There are no shortcuts.


----------



## Butterfly (Nov 19, 2016)

May be of some use - The Writer's Complete Fantasy Reference: Amazon.co.uk: Writers Digest: 0035313107108: Books


----------



## A. E. Lowan (Nov 19, 2016)

I own this one.  Seems to fit the bill of what you're looking for.  It's an enjoyable, informative read, either way.

100 Battles That Shaped the World: Parragon Books: 9781445466804: Amazon.com: Books

One thing to bear in mind as a writer: we do do homework for a living, and we know ten times about a subject than ever makes in on paper.  Glossing over things can be serviceable for the moment's need, but the devil is in the details.  You never know what you're missing by not doing your due diligence.


----------



## Chessie (Dec 4, 2016)

Malik said:


> Welcome to fantasy writing: 50% research, 49% imagination, 1% typing. I have entire bookcases full of reference material, and when I can't find it, or the reading isn't enough, I go out and do it myself, or have a beer and wings with someone who's done it.
> 
> There are no shortcuts.



I've been thinking plenty about this lately. 

Cannons.
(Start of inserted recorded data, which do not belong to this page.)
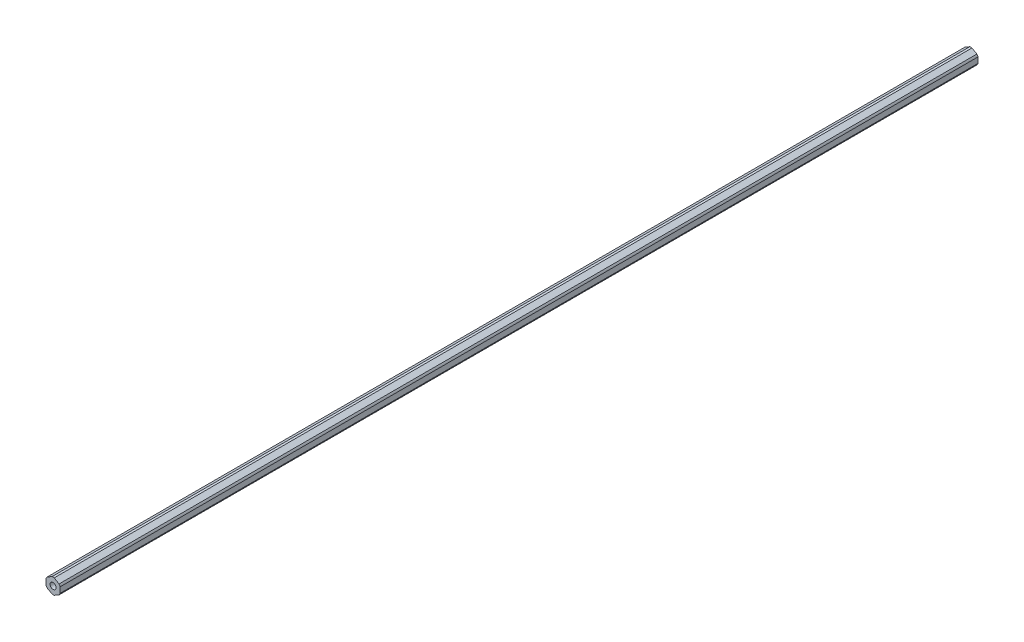
from build123d import *

# Parameters (mm, degrees)
BOSS_EXTRUDE1_DEPTH                  = 307.975
F_10_32_TAPPED_HOLE2_D               = 4.0386
F_10_32_TAPPED_HOLE2_DEPTH           = 16.34744
F_10_32_TAPPED_HOLE2_TIP             = 1.213317848
F_10_32_TAPPED_HOLE2_ON_FACE_2_D     = 4.0386
F_10_32_TAPPED_HOLE2_ON_FACE_2_DEPTH = 16.34744
F_10_32_TAPPED_HOLE2_ON_FACE_2_TIP   = 1.213317848


with BuildPart() as part:
    # Sketch2 → Boss-Extrude1 (new, symmetric)
    with BuildSketch(Plane.XY):
        with BuildLine():
            ThreePointArc((0.741687758, 5.071047688), (0, 5.125000037), (-0.741687758, 5.071047688))
            Line((-0.741687758, 5.071047688), (-4.020812242, 3.177844283))
            ThreePointArc((-4.020812242, 3.177844283), (-4.438380226, 2.562500019), (-4.7625, 1.893203404))
            Line((-4.7625, 1.893203404), (-4.7625, -1.893203404))
            ThreePointArc((-4.7625, -1.893203404), (-4.438380226, -2.562500019), (-4.020812242, -3.177844283))
            Line((-4.020812242, -3.177844283), (-0.741687758, -5.071047688))
            ThreePointArc((-0.741687758, -5.071047688), (0, -5.125000037), (0.741687758, -5.071047688))
            Line((0.741687758, -5.071047688), (4.020812242, -3.177844283))
            ThreePointArc((4.020812242, -3.177844283), (4.438380226, -2.562500019), (4.7625, -1.893203404))
            Line((4.7625, -1.893203404), (4.7625, 1.893203404))
            ThreePointArc((4.7625, 1.893203404), (4.438380226, 2.562500019), (4.020812242, 3.177844283))
            Line((4.020812242, 3.177844283), (0.741687758, 5.071047688))
        make_face()
    extrude(amount=BOSS_EXTRUDE1_DEPTH, both=True)

    # #10-32 Tapped Hole2
    with Locations(Plane.XY.offset(307.975)):
        with Locations((0, 0)):
            Hole(F_10_32_TAPPED_HOLE2_D / 2, depth=F_10_32_TAPPED_HOLE2_DEPTH)
            with Locations((0, 0, -(F_10_32_TAPPED_HOLE2_DEPTH + F_10_32_TAPPED_HOLE2_TIP / 2))):  # 118° drill point
                Cone(0, F_10_32_TAPPED_HOLE2_D / 2, F_10_32_TAPPED_HOLE2_TIP, mode=Mode.SUBTRACT)

    # #10-32 Tapped Hole2 on face 2
    with Locations(Plane(origin=(0, 0, -307.975), x_dir=(-1, 0, 0), z_dir=(0, 0, -1))):
        with Locations((0, 0)):
            Hole(F_10_32_TAPPED_HOLE2_ON_FACE_2_D / 2, depth=F_10_32_TAPPED_HOLE2_ON_FACE_2_DEPTH)
            with Locations((0, 0, -(F_10_32_TAPPED_HOLE2_ON_FACE_2_DEPTH + F_10_32_TAPPED_HOLE2_ON_FACE_2_TIP / 2))):  # 118° drill point
                Cone(0, F_10_32_TAPPED_HOLE2_ON_FACE_2_D / 2, F_10_32_TAPPED_HOLE2_ON_FACE_2_TIP, mode=Mode.SUBTRACT)


solid = part.part

Gunpowder. Cannons + gunpowder + magic + ships.

But researching it is oh, so boring. Waaay boring. But is there another choice? It's not like I'm going to come across 15th century cannons anytime soon.

And then, there's the part about the tiny fishing town. Been there, done that, loved it:


----------



## Peat (Dec 4, 2016)

Amazon.com: War in the Middle Ages (9780631144694): Philippe Contamine: Books - decent starting point, not too expensive (oh academic books, y u so much?)

Amazon.com: The Art of Warfare in Western Europe during the Middle Ages from the Eighth Century (Warfare in History) (9780851155708): J.F. Verbruggen: Books - This is what I own and use most mind. 

That said, you might be better off with something more specific. I found this one very easy reading - Agincourt: Henry V and the Battle That Made England: Juliet Barker: 9780316015042: Amazon.com: Books

Plus there's a bunch of great free articles at De Militiari online.

Can't help much on ancient history, sorry.


----------



## skip.knox (Dec 4, 2016)

De Re Militari is an awesome site. It is, however, an academic one, so be prepared and put on your grownup pants.

The OP said a thing that's worth taking up. The books take forever to get to the point. Yes they do. They all do. It is not up to those authors to know the point at which you wish they would arrive. They have their own points to make.

Which is another way of saying you (second person, universal) need to learn how to do research. If I have a point in mind--a specific piece of information, a particular insight, a deeper understanding, or simply a general introduction--I bring that with me. I do not look at a book, I look at a pile of books. I attack those books in a predatory manner; I'm hunting for something specific, so I range across the pile of books with a single question: does this particular book look like it's worth investigating more fully?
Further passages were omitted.